DATA EXTRACT: Begin

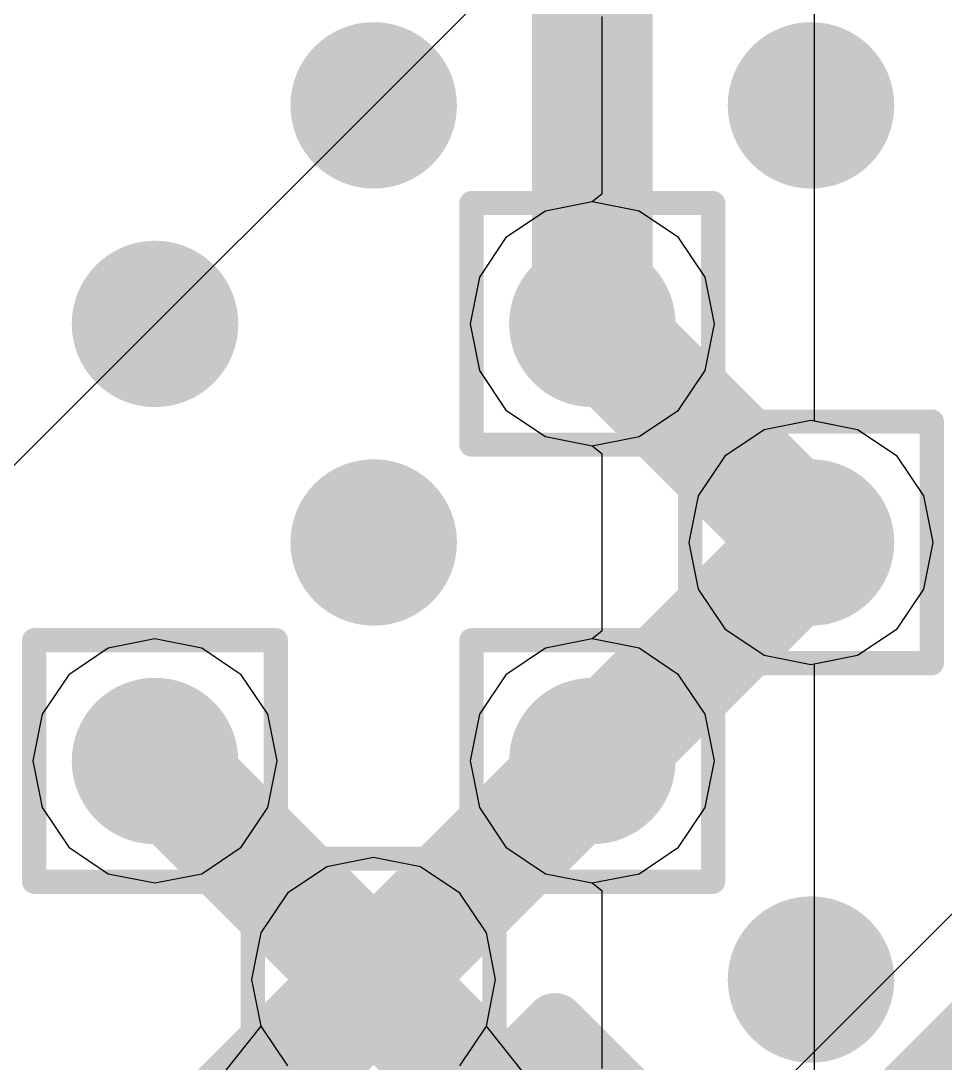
# Model space of a CAD drawing. Header units: inches. Extents: x -6 to 284, y -12 to 154.
# Drawn here: x 53.666 to 55.609, y 13.156 to 15.348 of the extents above; entities that cross this region are included whole.
import ezdxf

# ---------------------------------------------------------------- set-up
doc = ezdxf.new("R2010")
doc.units = ezdxf.units.IN
for name, color, linetype in [('Bottom Layer', 5, 'Continuous'), ('Bottom Overlay', 54, 'Continuous'), ('Bottom Paste', 16, 'Continuous'), ('Bottom Solder', 6, 'Continuous'), ('Drill Drawing', 1, 'Continuous'), ('GND-1', 16, 'Continuous'), ('GND-2', 90, 'Continuous'), ('GND-3', 216, 'Continuous'), ('GND-4', 54, 'Continuous'), ('PWR-1', 156, 'Continuous'), ('PWR-2', 130, 'Continuous'), ('Signal L1', 76, 'Continuous'), ('Signal L2', 6, 'Continuous'), ('Top Layer', 1, 'Continuous'), ('Top Paste', 8, 'Continuous'), ('Top Solder', 216, 'Continuous'), ('Via Holes', 16, 'Continuous')]:
    doc.layers.add(name, color=color, linetype=linetype)

# ---------------------------------------------------------------- blocks, each defined once
blk = doc.blocks.new('BGA_565_15_5_14_4__132')
at = {"layer": 'Top Layer'}
h = blk.add_hatch(color=1, dxfattribs=at)
edge = h.paths.add_edge_path()
edge.add_arc((-4.225, -2.925), 0.125, 0, 360)
h = blk.add_hatch(color=1, dxfattribs=at)
edge = h.paths.add_edge_path()
edge.add_arc((-4.875, -3.575), 0.125, 0, 360)
h = blk.add_hatch(color=1, dxfattribs=at)
edge = h.paths.add_edge_path()
edge.add_arc((-4.225, -3.575), 0.125, 0, 360)
h = blk.add_hatch(color=1, dxfattribs=at)
edge = h.paths.add_edge_path()
edge.add_arc((-3.575, -3.575), 0.125, 0, 360)
h = blk.add_hatch(color=1, dxfattribs=at)
edge = h.paths.add_edge_path()
edge.add_arc((-5.525, -4.225), 0.125, 0, 360)
h = blk.add_hatch(color=1, dxfattribs=at)
edge = h.paths.add_edge_path()
edge.add_arc((-4.875, -4.225), 0.125, 0, 360)
h = blk.add_hatch(color=1, dxfattribs=at)
edge = h.paths.add_edge_path()
edge.add_arc((-4.225, -4.225), 0.125, 0, 360)
h = blk.add_hatch(color=1, dxfattribs=at)
edge = h.paths.add_edge_path()
edge.add_arc((-3.575, -4.225), 0.125, 0, 360)
h = blk.add_hatch(color=1, dxfattribs=at)
edge = h.paths.add_edge_path()
edge.add_arc((-4.875, -4.875), 0.125, 0, 360)
h = blk.add_hatch(color=1, dxfattribs=at)
edge = h.paths.add_edge_path()
edge.add_arc((-4.225, -4.875), 0.125, 0, 360)
at = {"layer": 'Top Paste'}
h = blk.add_hatch(color=8, dxfattribs=at)
edge = h.paths.add_edge_path()
edge.add_arc((-4.225, -2.925), 0.125, 0, 360)
h = blk.add_hatch(color=8, dxfattribs=at)
edge = h.paths.add_edge_path()
edge.add_arc((-4.875, -3.575), 0.125, 0, 360)
h = blk.add_hatch(color=8, dxfattribs=at)
edge = h.paths.add_edge_path()
edge.add_arc((-4.225, -3.575), 0.125, 0, 360)
h = blk.add_hatch(color=8, dxfattribs=at)
edge = h.paths.add_edge_path()
edge.add_arc((-3.575, -3.575), 0.125, 0, 360)
h = blk.add_hatch(color=8, dxfattribs=at)
edge = h.paths.add_edge_path()
edge.add_arc((-5.525, -4.225), 0.125, 0, 360)
h = blk.add_hatch(color=8, dxfattribs=at)
edge = h.paths.add_edge_path()
edge.add_arc((-4.875, -4.225), 0.125, 0, 360)
h = blk.add_hatch(color=8, dxfattribs=at)
edge = h.paths.add_edge_path()
edge.add_arc((-4.225, -4.225), 0.125, 0, 360)
h = blk.add_hatch(color=8, dxfattribs=at)
edge = h.paths.add_edge_path()
edge.add_arc((-3.575, -4.225), 0.125, 0, 360)
h = blk.add_hatch(color=8, dxfattribs=at)
edge = h.paths.add_edge_path()
edge.add_arc((-4.875, -4.875), 0.125, 0, 360)
h = blk.add_hatch(color=8, dxfattribs=at)
edge = h.paths.add_edge_path()
edge.add_arc((-4.225, -4.875), 0.125, 0, 360)
at = {"layer": 'Top Solder'}
h = blk.add_hatch(color=216, dxfattribs=at)
edge = h.paths.add_edge_path()
edge.add_arc((-4.225, -2.925), 0.175, 0, 360)
h = blk.add_hatch(color=216, dxfattribs=at)
edge = h.paths.add_edge_path()
edge.add_arc((-4.875, -3.575), 0.175, 0, 360)
h = blk.add_hatch(color=216, dxfattribs=at)
edge = h.paths.add_edge_path()
edge.add_arc((-4.225, -3.575), 0.175, 0, 360)
h = blk.add_hatch(color=216, dxfattribs=at)
edge = h.paths.add_edge_path()
edge.add_arc((-3.575, -3.575), 0.175, 0, 360)
h = blk.add_hatch(color=216, dxfattribs=at)
edge = h.paths.add_edge_path()
edge.add_arc((-5.525, -4.225), 0.175, 0, 360)
h = blk.add_hatch(color=216, dxfattribs=at)
edge = h.paths.add_edge_path()
edge.add_arc((-4.875, -4.225), 0.175, 0, 360)
h = blk.add_hatch(color=216, dxfattribs=at)
edge = h.paths.add_edge_path()
edge.add_arc((-4.225, -4.225), 0.175, 0, 360)
h = blk.add_hatch(color=216, dxfattribs=at)
edge = h.paths.add_edge_path()
edge.add_arc((-3.575, -4.225), 0.175, 0, 360)
h = blk.add_hatch(color=216, dxfattribs=at)
edge = h.paths.add_edge_path()
edge.add_arc((-4.875, -4.875), 0.175, 0, 360)
h = blk.add_hatch(color=216, dxfattribs=at)
edge = h.paths.add_edge_path()
edge.add_arc((-4.225, -4.875), 0.175, 0, 360)
blk = doc.blocks.new('CAP_0201_B_361')
at = {"layer": 'Bottom Layer'}
for points in [[(-0.45, 0.15), (-0.15, 0.15), (-0.15, -0.15), (-0.45, -0.15)], [(0.15, 0.15), (0.45, 0.15), (0.45, -0.15), (0.15, -0.15)]]:
    blk.add_hatch(color=5, dxfattribs=at).paths.add_polyline_path(points)
at = {"layer": 'Bottom Paste'}
for points in [[(-0.45, 0.15), (-0.15, 0.15), (-0.15, -0.15), (-0.45, -0.15)], [(0.15, 0.15), (0.45, 0.15), (0.45, -0.15), (0.15, -0.15)]]:
    blk.add_hatch(color=16, dxfattribs=at).paths.add_polyline_path(points)
at = {"layer": 'Bottom Solder'}
for points in [[(-0.505, 0.205), (-0.095, 0.205), (-0.095, -0.205), (-0.505, -0.205)], [(0.095, 0.205), (0.505, 0.205), (0.505, -0.205), (0.095, -0.205)]]:
    blk.add_hatch(color=6, dxfattribs=at).paths.add_polyline_path(points)
at = {"layer": 'Bottom Overlay'}
for points in [[(-0.5334, 0.2286, 0.127, 0.127, 0), (-0.2032, 0.2286, 0.127, 0.127, 0)], [(-0.5334, -0.2286, 0.127, 0.127, 0), (-0.5334, 0.2286, 0.127, 0.127, 0)], [(0.2032, 0.2286, 0.127, 0.127, 0), (0.5334, 0.2286, 0.127, 0.127, 0)], [(0.5334, -0.2286, 0.127, 0.127, 0), (0.5334, 0.2286, 0.127, 0.127, 0)], [(-0.5334, -0.2286, 0.127, 0.127, 0), (-0.2032, -0.2286, 0.127, 0.127, 0)], [(0.2032, -0.2286, 0.127, 0.127, 0), (0.5334, -0.2286, 0.127, 0.127, 0)]]:
    blk.add_lwpolyline(points, format="xyseb", dxfattribs=at)
for points in [[(-0.5651, 0.2286, 0.0635, 0.0635, 1), (-0.5016, 0.2286, 0.0635, 0.0635, 1)], [(-0.5651, 0.2286, 0.0635, 0.0635, 1), (-0.5016, 0.2286, 0.0635, 0.0635, 1)], [(-0.2349, 0.2286, 0.0635, 0.0635, 1), (-0.1714, 0.2286, 0.0635, 0.0635, 1)], [(0.1714, 0.2286, 0.0635, 0.0635, 1), (0.2349, 0.2286, 0.0635, 0.0635, 1)], [(0.5016, 0.2286, 0.0635, 0.0635, 1), (0.5651, 0.2286, 0.0635, 0.0635, 1)], [(0.5016, 0.2286, 0.0635, 0.0635, 1), (0.5651, 0.2286, 0.0635, 0.0635, 1)], [(-0.5651, -0.2286, 0.0635, 0.0635, 1), (-0.5016, -0.2286, 0.0635, 0.0635, 1)], [(-0.5651, -0.2286, 0.0635, 0.0635, 1), (-0.5016, -0.2286, 0.0635, 0.0635, 1)], [(-0.2349, -0.2286, 0.0635, 0.0635, 1), (-0.1714, -0.2286, 0.0635, 0.0635, 1)], [(0.1714, -0.2286, 0.0635, 0.0635, 1), (0.2349, -0.2286, 0.0635, 0.0635, 1)], [(0.5016, -0.2286, 0.0635, 0.0635, 1), (0.5651, -0.2286, 0.0635, 0.0635, 1)], [(0.5016, -0.2286, 0.0635, 0.0635, 1), (0.5651, -0.2286, 0.0635, 0.0635, 1)]]:
    blk.add_lwpolyline(points, format="xyseb", close=True, dxfattribs=at)

msp = doc.modelspace()

# ---------------------------------------------------------------- hatches: boundary and pattern name
at = {"layer": 'Bottom Layer'}
h = msp.add_hatch(color=5, dxfattribs=at)
edge = h.paths.add_edge_path()
edge.add_arc((54.8674, 14.7107), 0.15, 0, 360)
h = msp.add_hatch(color=5, dxfattribs=at)
edge = h.paths.add_edge_path()
edge.add_arc((55.3271, 14.251), 0.15, 0, 360)
h = msp.add_hatch(color=5, dxfattribs=at)
edge = h.paths.add_edge_path()
edge.add_arc((53.9482, 13.7914), 0.15, 0, 360)
h = msp.add_hatch(color=5, dxfattribs=at)
edge = h.paths.add_edge_path()
edge.add_arc((54.8674, 13.7914), 0.15, 0, 360)
h = msp.add_hatch(color=5, dxfattribs=at)
edge = h.paths.add_edge_path()
edge.add_arc((54.4078, 13.3318), 0.15, 0, 360)
at = {"layer": 'GND-1'}
h = msp.add_hatch(color=16, dxfattribs=at)
edge = h.paths.add_edge_path()
edge.add_arc((54.8674, 14.7107), 0.15, 0, 360)
h = msp.add_hatch(color=16, dxfattribs=at)
edge = h.paths.add_edge_path()
edge.add_arc((55.3271, 14.251), 0.15, 0, 360)
h = msp.add_hatch(color=16, dxfattribs=at)
edge = h.paths.add_edge_path()
edge.add_arc((53.9482, 13.7914), 0.15, 0, 360)
h = msp.add_hatch(color=16, dxfattribs=at)
edge = h.paths.add_edge_path()
edge.add_arc((54.8674, 13.7914), 0.15, 0, 360)
h = msp.add_hatch(color=16, dxfattribs=at)
edge = h.paths.add_edge_path()
edge.add_arc((54.4078, 13.3318), 0.15, 0, 360)
at = {"layer": 'GND-2'}
h = msp.add_hatch(color=90, dxfattribs=at)
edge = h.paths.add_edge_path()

DATA EXTRACT: End

### WHAT TO PRODUCE
Every line above that holds the string "ezdxf" should be copied out.

### EXERCISE RESULT
import ezdxf
doc = ezdxf.new("R2010")
doc.units = ezdxf.units.IN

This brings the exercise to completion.